My study suggests that short distances along the line connecting the points are seen differently _relative to longer distances_ in the two figures. To put it crudely, if with no arrowheads or feathers, 1 + 1 + 1 = 3, then in one case 0.9 + 0.9 + 0.9 = 3.1 while in the other 1.1 + 1.1 + 1.1 = 2.9. If I imagine your layout properly, what you would find would be that 0.9 = 0.9, 1.1 = 1.1, and 3.1 = 3.1 and 2.9 = 2.9. But I'm probably not seeing in my mind what you are seeing in yours.

I've visualizing points arranged like this,ranging smoothly from (1) to (5):

(1) * * * * * * * <--- squeezed at ends

(2) * * * * * * *
   (3) * * * * * * * <--- equal spacing

(4) * * * * * * *

(5) * * * * * * * <--- squeezed at center

If there is an effect that varies with distance from the ends, we would not expect to see the spacing of line (3), but one of the others, and to see an effect from arrows opposite to the effect from feathers.

What would your proposed distortions predict for the outcome above?

No prediction at all. I don't assert (or assume) that there's any distortion of that kind. Nor do I assume there isn't. If any of those distortions actually occur, it would be interesting in respect of the illusion itself, but I doubt it would shed any light on the results of my study.
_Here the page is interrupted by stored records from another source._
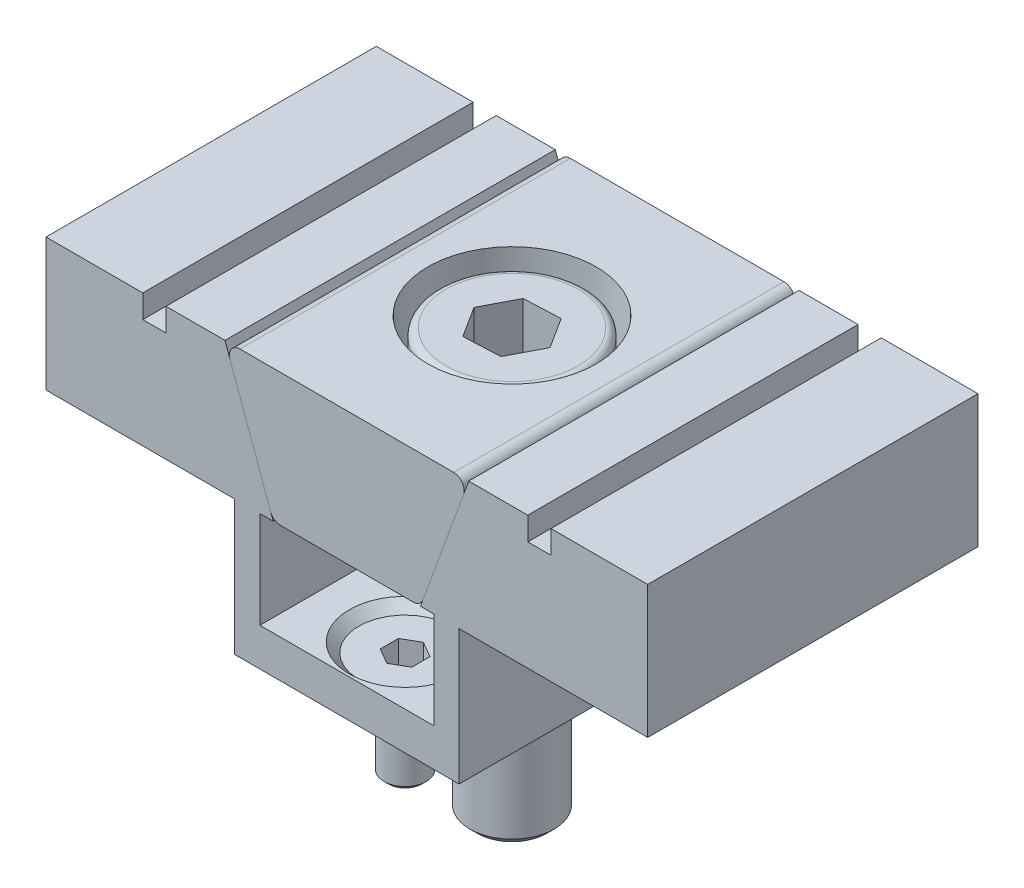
ISO-10303-21;
HEADER;
FILE_DESCRIPTION(('STEP AP214'),'2;1');
FILE_NAME('part.step','',(''),(''),'','','');
FILE_SCHEMA(('AUTOMOTIVE_DESIGN { 1 0 10303 214 1 1 1 1 }'));
ENDSEC;
DATA;
#1=APPLICATION_CONTEXT('core data for automotive mechanical design processes');
#2=APPLICATION_PROTOCOL_DEFINITION('international standard','automotive_design',2000,#1);
#3=PRODUCT_CONTEXT('',#1,'mechanical');
#4=PRODUCT('Part','Part','',(#3));
#5=PRODUCT_RELATED_PRODUCT_CATEGORY('part','',(#4));
#6=PRODUCT_DEFINITION_FORMATION('','',#4);
#7=PRODUCT_DEFINITION_CONTEXT('part definition',#1,'design');
#8=PRODUCT_DEFINITION('design','',#6,#7);
#9=PRODUCT_DEFINITION_SHAPE('','',#8);
#10=(LENGTH_UNIT() NAMED_UNIT(*) SI_UNIT(.MILLI.,.METRE.));
#11=(NAMED_UNIT(*) PLANE_ANGLE_UNIT() SI_UNIT($,.RADIAN.));
#12=(NAMED_UNIT(*) SI_UNIT($,.STERADIAN.) SOLID_ANGLE_UNIT());
#13=UNCERTAINTY_MEASURE_WITH_UNIT(LENGTH_MEASURE(1.E-05),#10,'distance_accuracy_value','');
#14=(GEOMETRIC_REPRESENTATION_CONTEXT(3) GLOBAL_UNCERTAINTY_ASSIGNED_CONTEXT((#13)) GLOBAL_UNIT_ASSIGNED_CONTEXT((#10,
#11,#12)) REPRESENTATION_CONTEXT('',''));
#15=CARTESIAN_POINT('',(0.,0.,0.));
#16=DIRECTION('',(0.,0.,1.));
#17=DIRECTION('',(1.,0.,0.));
#18=AXIS2_PLACEMENT_3D('',#15,#16,#17);
#19=CARTESIAN_POINT('',(0.,-6.55000000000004,4.21397459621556));
#20=DIRECTION('',(0.,1.,0.));
#21=DIRECTION('',(0.,0.,1.));
#22=AXIS2_PLACEMENT_3D('',#19,#20,#21);
#23=PLANE('',#22);
#24=DIRECTION('',(0.866025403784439,0.,0.5));
#25=VECTOR('',#24,1.);
#26=CARTESIAN_POINT('',(-0.75,-6.55000000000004,5.51301270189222));
#27=LINE('',#26,#25);
#28=CARTESIAN_POINT('',(-0.75,-6.55000000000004,5.51301270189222));
#29=VERTEX_POINT('',#28);
#30=CARTESIAN_POINT('',(-0.375,-6.55000000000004,5.72951905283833));
#31=VERTEX_POINT('',#30);
#32=EDGE_CURVE('P0_E174',#29,#31,#27,.T.);
#33=ORIENTED_EDGE('',*,*,#32,.T.);
#34=CARTESIAN_POINT('',(0.,-6.55000000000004,5.08));
#35=DIRECTION('',(0.,1.,0.));
#36=DIRECTION('',(0.,0.,1.));
#37=AXIS2_PLACEMENT_3D('',#34,#35,#36);
#38=CIRCLE('',#37,0.75);
#39=CARTESIAN_POINT('',(-0.75,-6.55000000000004,5.08));
#40=VERTEX_POINT('',#39);
#41=EDGE_CURVE('P0_E11',#31,#40,#38,.F.);
#42=ORIENTED_EDGE('',*,*,#41,.T.);
#43=DIRECTION('',(0.,0.,1.));
#44=VECTOR('',#43,1.);
#45=CARTESIAN_POINT('',(-0.75,-6.55000000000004,4.64698729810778));
#46=LINE('',#45,#44);
#47=EDGE_CURVE('P0_E178',#40,#29,#46,.T.);
#48=ORIENTED_EDGE('',*,*,#47,.T.);
#49=EDGE_LOOP('',(#33,#42,#48));
#50=FACE_BOUND('',#49,.T.);
#51=ADVANCED_FACE('P0_F16',(#50),#23,.T.);
#52=CARTESIAN_POINT('',(-0.75,-6.55000000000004,4.64698729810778));
#53=VERTEX_POINT('',#52);
#54=EDGE_CURVE('P0_E175',#53,#40,#46,.T.);
#55=ORIENTED_EDGE('',*,*,#54,.T.);
#56=CARTESIAN_POINT('',(-0.375,-6.55000000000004,4.43048094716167));
#57=VERTEX_POINT('',#56);
#58=EDGE_CURVE('P0_E25',#40,#57,#38,.F.);
#59=ORIENTED_EDGE('',*,*,#58,.T.);
#60=DIRECTION('',(-0.866025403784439,0.,0.5));
#61=VECTOR('',#60,1.);
#62=CARTESIAN_POINT('',(0.,-6.55000000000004,4.21397459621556));
#63=LINE('',#62,#61);
#64=EDGE_CURVE('P0_E186',#57,#53,#63,.T.);
#65=ORIENTED_EDGE('',*,*,#64,.T.);
#66=EDGE_LOOP('',(#55,#59,#65));
#67=FACE_BOUND('',#66,.T.);
#68=ADVANCED_FACE('P0_F199',(#67),#23,.T.);
#69=CARTESIAN_POINT('',(0.,-6.55000000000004,4.21397459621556));
#70=VERTEX_POINT('',#69);
#71=EDGE_CURVE('P0_E183',#70,#57,#63,.T.);
#72=ORIENTED_EDGE('',*,*,#71,.T.);
#73=CARTESIAN_POINT('',(0.375,-6.55000000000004,4.43048094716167));
#74=VERTEX_POINT('',#73);
#75=EDGE_CURVE('P0_E109',#57,#74,#38,.F.);
#76=ORIENTED_EDGE('',*,*,#75,.T.);
#77=DIRECTION('',(-0.866025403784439,0.,-0.5));
#78=VECTOR('',#77,1.);
#79=CARTESIAN_POINT('',(0.75,-6.55000000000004,4.64698729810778));
#80=LINE('',#79,#78);
#81=EDGE_CURVE('P0_E142',#74,#70,#80,.T.);
#82=ORIENTED_EDGE('',*,*,#81,.T.);
#83=EDGE_LOOP('',(#72,#76,#82));
#84=FACE_BOUND('',#83,.T.);
#85=ADVANCED_FACE('P0_F189',(#84),#23,.T.);
#86=CARTESIAN_POINT('',(0.75,-6.55000000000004,4.64698729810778));
#87=VERTEX_POINT('',#86);
#88=EDGE_CURVE('P0_E108',#87,#74,#80,.T.);
#89=ORIENTED_EDGE('',*,*,#88,.T.);
#90=CARTESIAN_POINT('',(0.75,-6.55000000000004,5.08));
#91=VERTEX_POINT('',#90);
#92=EDGE_CURVE('P0_E95',#74,#91,#38,.F.);
#93=ORIENTED_EDGE('',*,*,#92,.T.);
#94=DIRECTION('',(0.,0.,-1.));
#95=VECTOR('',#94,1.);
#96=CARTESIAN_POINT('',(0.75,-6.55000000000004,5.51301270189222));
#97=LINE('',#96,#95);
#98=EDGE_CURVE('P0_E105',#91,#87,#97,.T.);
#99=ORIENTED_EDGE('',*,*,#98,.T.);
#100=EDGE_LOOP('',(#89,#93,#99));
#101=FACE_BOUND('',#100,.T.);
#102=ADVANCED_FACE('P0_F104',(#101),#23,.T.);
#103=CARTESIAN_POINT('',(0.75,-6.55000000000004,5.51301270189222));
#104=VERTEX_POINT('',#103);
#105=EDGE_CURVE('P0_E114',#104,#91,#97,.T.);
#106=ORIENTED_EDGE('',*,*,#105,.T.);
#107=CARTESIAN_POINT('',(0.,-6.55000000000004,5.08));
#108=DIRECTION('',(0.,-1.,0.));
#109=DIRECTION('',(1.,0.,0.));
#110=AXIS2_PLACEMENT_3D('',#107,#108,#109);
#111=CIRCLE('',#110,0.75);
#112=CARTESIAN_POINT('',(0.375,-6.55000000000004,5.72951905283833));
#113=VERTEX_POINT('',#112);
#114=EDGE_CURVE('P0_E93',#91,#113,#111,.T.);
#115=ORIENTED_EDGE('',*,*,#114,.T.);
#116=DIRECTION('',(0.866025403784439,0.,-0.5));
#117=VECTOR('',#116,1.);
#118=CARTESIAN_POINT('',(0.,-6.55000000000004,5.94602540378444));
#119=LINE('',#118,#117);
#120=EDGE_CURVE('P0_E119',#113,#104,#119,.T.);
#121=ORIENTED_EDGE('',*,*,#120,.T.);
#122=EDGE_LOOP('',(#106,#115,#121));
#123=FACE_BOUND('',#122,.T.);
#124=ADVANCED_FACE('P0_F118',(#123),#23,.T.);
#125=CARTESIAN_POINT('',(0.,-6.55000000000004,5.94602540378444));
#126=VERTEX_POINT('',#125);
#127=EDGE_CURVE('P0_E116',#126,#113,#119,.T.);
#128=ORIENTED_EDGE('',*,*,#127,.T.);
#129=EDGE_CURVE('P0_E20',#113,#31,#38,.F.);
#130=ORIENTED_EDGE('',*,*,#129,.T.);
#131=EDGE_CURVE('P0_E167',#31,#126,#27,.T.);
#132=ORIENTED_EDGE('',*,*,#131,.T.);
#133=EDGE_LOOP('',(#128,#130,#132));
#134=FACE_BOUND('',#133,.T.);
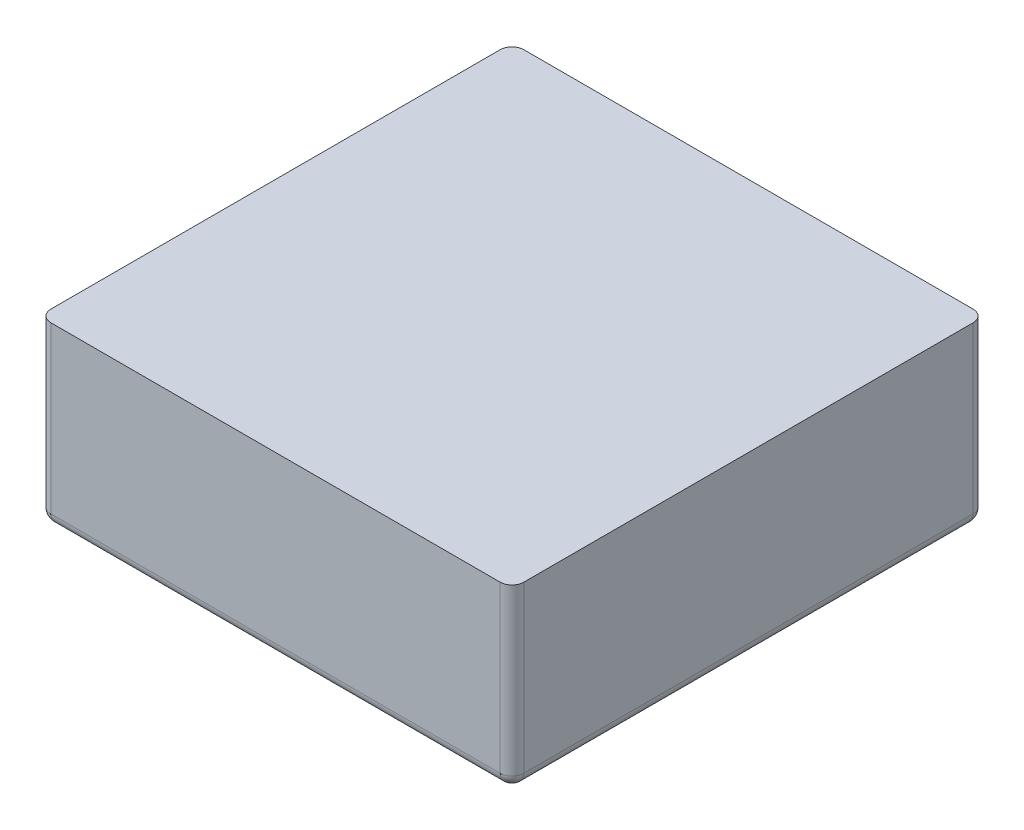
ISO-10303-21;
HEADER;
FILE_DESCRIPTION(('STEP AP214'),'2;1');
FILE_NAME('part.step','',(''),(''),'','','');
FILE_SCHEMA(('AUTOMOTIVE_DESIGN { 1 0 10303 214 1 1 1 1 }'));
ENDSEC;
DATA;
#1=APPLICATION_CONTEXT('core data for automotive mechanical design processes');
#2=APPLICATION_PROTOCOL_DEFINITION('international standard','automotive_design',2000,#1);
#3=PRODUCT_CONTEXT('',#1,'mechanical');
#4=PRODUCT('Part','Part','',(#3));
#5=PRODUCT_RELATED_PRODUCT_CATEGORY('part','',(#4));
#6=PRODUCT_DEFINITION_FORMATION('','',#4);
#7=PRODUCT_DEFINITION_CONTEXT('part definition',#1,'design');
#8=PRODUCT_DEFINITION('design','',#6,#7);
#9=PRODUCT_DEFINITION_SHAPE('','',#8);
#10=(LENGTH_UNIT() NAMED_UNIT(*) SI_UNIT(.MILLI.,.METRE.));
#11=(NAMED_UNIT(*) PLANE_ANGLE_UNIT() SI_UNIT($,.RADIAN.));
#12=(NAMED_UNIT(*) SI_UNIT($,.STERADIAN.) SOLID_ANGLE_UNIT());
#13=UNCERTAINTY_MEASURE_WITH_UNIT(LENGTH_MEASURE(1.E-05),#10,'distance_accuracy_value','');
#14=(GEOMETRIC_REPRESENTATION_CONTEXT(3) GLOBAL_UNCERTAINTY_ASSIGNED_CONTEXT((#13)) GLOBAL_UNIT_ASSIGNED_CONTEXT((#10,
#11,#12)) REPRESENTATION_CONTEXT('',''));
#15=CARTESIAN_POINT('',(0.,0.,0.));
#16=DIRECTION('',(0.,0.,1.));
#17=DIRECTION('',(1.,0.,0.));
#18=AXIS2_PLACEMENT_3D('',#15,#16,#17);
#19=CARTESIAN_POINT('',(0.38,-0.3,-0.38));
#20=DIRECTION('',(0.,-1.,0.));
#21=DIRECTION('',(0.,0.,1.));
#22=AXIS2_PLACEMENT_3D('',#19,#20,#21);
#23=CYLINDRICAL_SURFACE('',#22,0.02);
#24=CARTESIAN_POINT('',(0.38,-0.28,-0.38));
#25=DIRECTION('',(0.,-1.,0.));
#26=DIRECTION('',(0.,0.,-1.));
#27=AXIS2_PLACEMENT_3D('',#24,#25,#26);
#28=CIRCLE('',#27,0.02);
#29=CARTESIAN_POINT('',(0.38,-0.28,-0.4));
#30=VERTEX_POINT('',#29);
#31=CARTESIAN_POINT('',(0.4,-0.28,-0.38));
#32=VERTEX_POINT('',#31);
#33=EDGE_CURVE('E11',#30,#32,#28,.T.);
#34=ORIENTED_EDGE('',*,*,#33,.F.);
#35=DIRECTION('',(0.,1.,0.));
#36=VECTOR('',#35,1.);
#37=CARTESIAN_POINT('',(0.38,-0.3,-0.4));
#38=LINE('',#37,#36);
#39=CARTESIAN_POINT('',(0.38,0.,-0.4));
#40=VERTEX_POINT('',#39);
#41=EDGE_CURVE('E160',#30,#40,#38,.T.);
#42=ORIENTED_EDGE('',*,*,#41,.T.);
#43=CARTESIAN_POINT('',(0.38,0.,-0.38));
#44=DIRECTION('',(0.,-1.,0.));
#45=DIRECTION('',(0.,0.,-1.));
#46=AXIS2_PLACEMENT_3D('',#43,#44,#45);
#47=CIRCLE('',#46,0.02);
#48=CARTESIAN_POINT('',(0.4,0.,-0.38));
#49=VERTEX_POINT('',#48);
#50=EDGE_CURVE('E130',#40,#49,#47,.T.);
#51=ORIENTED_EDGE('',*,*,#50,.T.);
#52=DIRECTION('',(0.,1.,0.));
#53=VECTOR('',#52,1.);
#54=CARTESIAN_POINT('',(0.4,-0.3,-0.38));
#55=LINE('',#54,#53);
#56=EDGE_CURVE('E171',#32,#49,#55,.T.);
#57=ORIENTED_EDGE('',*,*,#56,.F.);
#58=EDGE_LOOP('',(#34,#42,#51,#57));
#59=FACE_BOUND('',#58,.T.);
#60=ADVANCED_FACE('F17',(#59),#23,.T.);
#61=CARTESIAN_POINT('',(0.38,-0.28,-0.38));
#62=DIRECTION('',(0.,0.,1.));
#63=DIRECTION('',(1.,0.,0.));
#64=AXIS2_PLACEMENT_3D('',#61,#62,#63);
#65=SPHERICAL_SURFACE('',#64,0.02);
#66=CARTESIAN_POINT('',(0.38,-0.28,-0.38));
#67=DIRECTION('',(0.,0.,-1.));
#68=DIRECTION('',(-1.,0.,0.));
#69=AXIS2_PLACEMENT_3D('',#66,#67,#68);
#70=CIRCLE('',#69,0.02);
#71=CARTESIAN_POINT('',(0.38,-0.3,-0.38));
#72=VERTEX_POINT('',#71);
#73=EDGE_CURVE('E26',#32,#72,#70,.T.);
#74=ORIENTED_EDGE('',*,*,#73,.T.);
#75=CARTESIAN_POINT('',(0.38,-0.28,-0.38));
#76=DIRECTION('',(1.,0.,0.));
#77=DIRECTION('',(0.,0.,-1.));
#78=AXIS2_PLACEMENT_3D('',#75,#76,#77);
#79=CIRCLE('',#78,0.02);
#80=EDGE_CURVE('E237',#72,#30,#79,.T.);
#81=ORIENTED_EDGE('',*,*,#80,.T.);
#82=ORIENTED_EDGE('',*,*,#33,.T.);
#83=EDGE_LOOP('',(#74,#81,#82));
#84=FACE_BOUND('',#83,.T.);
#85=ADVANCED_FACE('F300',(#84),#65,.T.);
#86=CARTESIAN_POINT('',(0.38,-0.28,-0.4));
#87=DIRECTION('',(0.,0.,1.));
#88=DIRECTION('',(-1.,0.,0.));
#89=AXIS2_PLACEMENT_3D('',#86,#87,#88);
#90=CYLINDRICAL_SURFACE('',#89,0.02);
#91=CARTESIAN_POINT('',(0.38,-0.28,0.38));
#92=DIRECTION('',(0.,0.,1.));
#93=DIRECTION('',(1.,0.,0.));
#94=AXIS2_PLACEMENT_3D('',#91,#92,#93);
#95=CIRCLE('',#94,0.02);
#96=CARTESIAN_POINT('',(0.38,-0.3,0.38));
#97=VERTEX_POINT('',#96);
#98=CARTESIAN_POINT('',(0.4,-0.28,0.38));
#99=VERTEX_POINT('',#98);
#100=EDGE_CURVE('E223',#97,#99,#95,.T.);
#101=ORIENTED_EDGE('',*,*,#100,.F.);
#102=DIRECTION('',(0.,0.,1.));
#103=VECTOR('',#102,1.);
#104=CARTESIAN_POINT('',(0.38,-0.3,0.4));
#105=LINE('',#104,#103);
#106=EDGE_CURVE('E197',#72,#97,#105,.T.);
#107=ORIENTED_EDGE('',*,*,#106,.F.);
#108=ORIENTED_EDGE('',*,*,#73,.F.);
#109=DIRECTION('',(0.,0.,1.));
#110=VECTOR('',#109,1.);
#111=CARTESIAN_POINT('',(0.4,-0.28,-0.4));
#112=LINE('',#111,#110);
#113=EDGE_CURVE('E159',#32,#99,#112,.T.);
#114=ORIENTED_EDGE('',*,*,#113,.T.);
#115=EDGE_LOOP('',(#101,#107,#108,#114));
#116=FACE_BOUND('',#115,.T.);
#117=ADVANCED_FACE('F261',(#116),#90,.T.);
#118=CARTESIAN_POINT('',(0.38,-0.3,0.38));
#119=DIRECTION('',(0.,-1.,0.));
#120=DIRECTION('',(0.,0.,1.));
#121=AXIS2_PLACEMENT_3D('',#118,#119,#120);
#122=CYLINDRICAL_SURFACE('',#121,0.02);
#123=CARTESIAN_POINT('',(0.38,0.,0.38));
#124=DIRECTION('',(0.,-1.,0.));
#125=DIRECTION('',(0.,0.,-1.));
#126=AXIS2_PLACEMENT_3D('',#123,#124,#125);
#127=CIRCLE('',#126,0.02);
#128=CARTESIAN_POINT('',(0.4,0.,0.38));
#129=VERTEX_POINT('',#128);
#130=CARTESIAN_POINT('',(0.38,0.,0.4));
#131=VERTEX_POINT('',#130);
#132=EDGE_CURVE('E206',#129,#131,#127,.T.);
#133=ORIENTED_EDGE('',*,*,#132,.T.);
#134=DIRECTION('',(0.,1.,0.));
#135=VECTOR('',#134,1.);
#136=CARTESIAN_POINT('',(0.38,-0.3,0.4));
#137=LINE('',#136,#135);
#138=CARTESIAN_POINT('',(0.38,-0.28,0.4));
#139=VERTEX_POINT('',#138);
#140=EDGE_CURVE('E184',#139,#131,#137,.T.);
#141=ORIENTED_EDGE('',*,*,#140,.F.);
#142=CARTESIAN_POINT('',(0.38,-0.28,0.38));
#143=DIRECTION('',(0.,-1.,0.));
#144=DIRECTION('',(0.,0.,-1.));
#145=AXIS2_PLACEMENT_3D('',#142,#143,#144);
#146=CIRCLE('',#145,0.02);
#147=EDGE_CURVE('E268',#99,#139,#146,.T.);
#148=ORIENTED_EDGE('',*,*,#147,.F.);
#149=DIRECTION('',(0.,1.,0.));
#150=VECTOR('',#149,1.);
#151=CARTESIAN_POINT('',(0.4,-0.3,0.38));
#152=LINE('',#151,#150);
#153=EDGE_CURVE('E176',#99,#129,#152,.T.);
#154=ORIENTED_EDGE('',*,*,#153,.T.);
#155=EDGE_LOOP('',(#133,#141,#148,#154));
#156=FACE_BOUND('',#155,.T.);
#157=ADVANCED_FACE('F282',(#156),#122,.T.);
#158=CARTESIAN_POINT('',(-0.4,-0.28,0.38));
#159=DIRECTION('',(-1.,0.,0.));
#160=DIRECTION('',(0.,0.,-1.));
#161=AXIS2_PLACEMENT_3D('',#158,#159,#160);
#162=CYLINDRICAL_SURFACE('',#161,0.02);
#163=CARTESIAN_POINT('',(-0.38,-0.28,0.38));
#164=DIRECTION('',(-1.,0.,0.));
#165=DIRECTION('',(0.,0.,1.));
#166=AXIS2_PLACEMENT_3D('',#163,#164,#165);
#167=CIRCLE('',#166,0.02);
#168=CARTESIAN_POINT('',(-0.38,-0.3,0.38));
#169=VERTEX_POINT('',#168);
#170=CARTESIAN_POINT('',(-0.38,-0.28,0.4));
#171=VERTEX_POINT('',#170);
#172=EDGE_CURVE('E209',#169,#171,#167,.T.);
#173=ORIENTED_EDGE('',*,*,#172,.F.);
#174=DIRECTION('',(-1.,0.,0.));
#175=VECTOR('',#174,1.);
#176=CARTESIAN_POINT('',(-0.4,-0.3,0.38));
#177=LINE('',#176,#175);
#178=EDGE_CURVE('E198',#97,#169,#177,.T.);
#179=ORIENTED_EDGE('',*,*,#178,.F.);
#180=CARTESIAN_POINT('',(0.38,-0.28,0.38));
#181=DIRECTION('',(1.,0.,0.));
#182=DIRECTION('',(0.,0.,-1.));
#183=AXIS2_PLACEMENT_3D('',#180,#181,#182);
#184=CIRCLE('',#183,0.02);
#185=EDGE_CURVE('E221',#139,#97,#184,.T.);
#186=ORIENTED_EDGE('',*,*,#185,.F.);
#187=DIRECTION('',(-1.,0.,0.));
#188=VECTOR('',#187,1.);
#189=CARTESIAN_POINT('',(0.4,-0.28,0.4));
#190=LINE('',#189,#188);
#191=EDGE_CURVE('E180',#139,#171,#190,.T.);
#192=ORIENTED_EDGE('',*,*,#191,.T.);
#193=EDGE_LOOP('',(#173,#179,#186,#192));
#194=FACE_BOUND('',#193,.T.);
#195=ADVANCED_FACE('F312',(#194),#162,.T.);
#196=CARTESIAN_POINT('',(-0.38,-0.28,-0.4));
#197=DIRECTION('',(0.,0.,-1.));
#198=DIRECTION('',(1.,0.,0.));
#199=AXIS2_PLACEMENT_3D('',#196,#197,#198);
#200=CYLINDRICAL_SURFACE('',#199,0.02);
#201=CARTESIAN_POINT('',(-0.38,-0.28,0.38));
#202=DIRECTION('',(0.,0.,1.));
#203=DIRECTION('',(0.,-1.,0.));
#204=AXIS2_PLACEMENT_3D('',#201,#202,#203);
#205=CIRCLE('',#204,0.02);
#206=CARTESIAN_POINT('',(-0.4,-0.28,0.38));
#207=VERTEX_POINT('',#206);
#208=EDGE_CURVE('E20',#207,#169,#205,.T.);
#209=ORIENTED_EDGE('',*,*,#208,.F.);
#210=DIRECTION('',(0.,0.,-1.));
#211=VECTOR('',#210,1.);
#212=CARTESIAN_POINT('',(-0.4,-0.28,0.4));
#213=LINE('',#212,#211);
#214=CARTESIAN_POINT('',(-0.4,-0.28,-0.38));
#215=VERTEX_POINT('',#214);
#216=EDGE_CURVE('E142',#207,#215,#213,.T.);
#217=ORIENTED_EDGE('',*,*,#216,.T.);
#218=CARTESIAN_POINT('',(-0.38,-0.28,-0.38));
#219=DIRECTION('',(0.,0.,-1.));
#220=DIRECTION('',(-1.,0.,0.));
#221=AXIS2_PLACEMENT_3D('',#218,#219,#220);
#222=CIRCLE('',#221,0.02);
#223=CARTESIAN_POINT('',(-0.38,-0.3,-0.38));
#224=VERTEX_POINT('',#223);
#225=EDGE_CURVE('E153',#224,#215,#222,.T.);
#226=ORIENTED_EDGE('',*,*,#225,.F.);
#227=DIRECTION('',(0.,0.,-1.));
#228=VECTOR('',#227,1.);
#229=CARTESIAN_POINT('',(-0.38,-0.3,-0.4));
#230=LINE('',#229,#228);
#231=EDGE_CURVE('E192',#169,#224,#230,.T.);
#232=ORIENTED_EDGE('',*,*,#231,.F.);
#233=EDGE_LOOP('',(#209,#217,#226,#232));
#234=FACE_BOUND('',#233,.T.);
#235=ADVANCED_FACE('F296',(#234),#200,.T.);
#236=CARTESIAN_POINT('',(-0.38,-0.3,-0.38));
#237=DIRECTION('',(0.,-1.,0.));
#238=DIRECTION('',(0.,0.,1.));
#239=AXIS2_PLACEMENT_3D('',#236,#237,#238);
#240=CYLINDRICAL_SURFACE('',#239,0.02);
#241=CARTESIAN_POINT('',(-0.38,0.,-0.38));
#242=DIRECTION('',(0.,-1.,0.));
#243=DIRECTION('',(0.,0.,-1.));
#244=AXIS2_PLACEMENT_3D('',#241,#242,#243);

If the interpretation holds that I thought Rick and I agreed on (but which he seems now to disavow), it's simply a contrast effect. The subject perceives the inter-point distance as longer in the F figure, and the short inter-dot intervals seem shorter by contrast. That interpretation says nothing about where the short interval sits within the longer interval, and I don't know of any other studies that would help in makign a guess. My first intuitive guess would be that the position wouldn't matter much at all. All the interdot distances would be a little "squeezed" in the F figure (where the total distance is long) and "stretched" in the A figure (where the total distance is short). That wouldn't show up in your proposed experimental arrangement.

What would be interesting is if you did get the kind of distortion you depict, but it went in opposite directions in the two figures. I'm not sure what it would mean in the context of the original study, but maybe it would mean something.

Martin

[Martin Taylor 2007.09.25.14.14]

[From Rick Marken (2007.09.25.0915)]

... My model of perception is that there are hierarchical layers of perceptual function (gee, what a coincidence; isn't there is esoteric theory of mind that says the same thing;-).

In my model of perception the lowest level perceptual functions produce a perception that is related to the magnitude of physical stimuli. This is what is called the psychophysical function in psychology and can be represented as Psi = f(s). In the chart I sent I assumed that f() is logarithmic when s is the length of a line so that Psi = k log s.

In my model of perception, the effect of context is included in perceptions at a higher level; perceptions created by perceptual functions that take the outputs of lower level perceptual functions as inputs. So the perception of line length in the context of other lines is created by a perceptual function that takes Psi values (call them Psi1 to indicate that they are level 1 perceptions) as inputs. I assume that the output of these higher level functions, which we can call Psi2, are the basis for judgments of line length when we see context affecting these judgments. So a higher level perception that is used in judging line length in the context of other line lengths (as in your Mueller Lyer study) might be Psi2 = g(Psi11, Psi12,...Psi1n). What I plotted in my graph as the Psi values for the Arrowhead and Feather contexts were actually Psi2 values; I just picked g() functions that would transform the log s (Psi1) values to give the right results. The log function that produces the Psi1 values is the same for both the Arrowhead and Feather context.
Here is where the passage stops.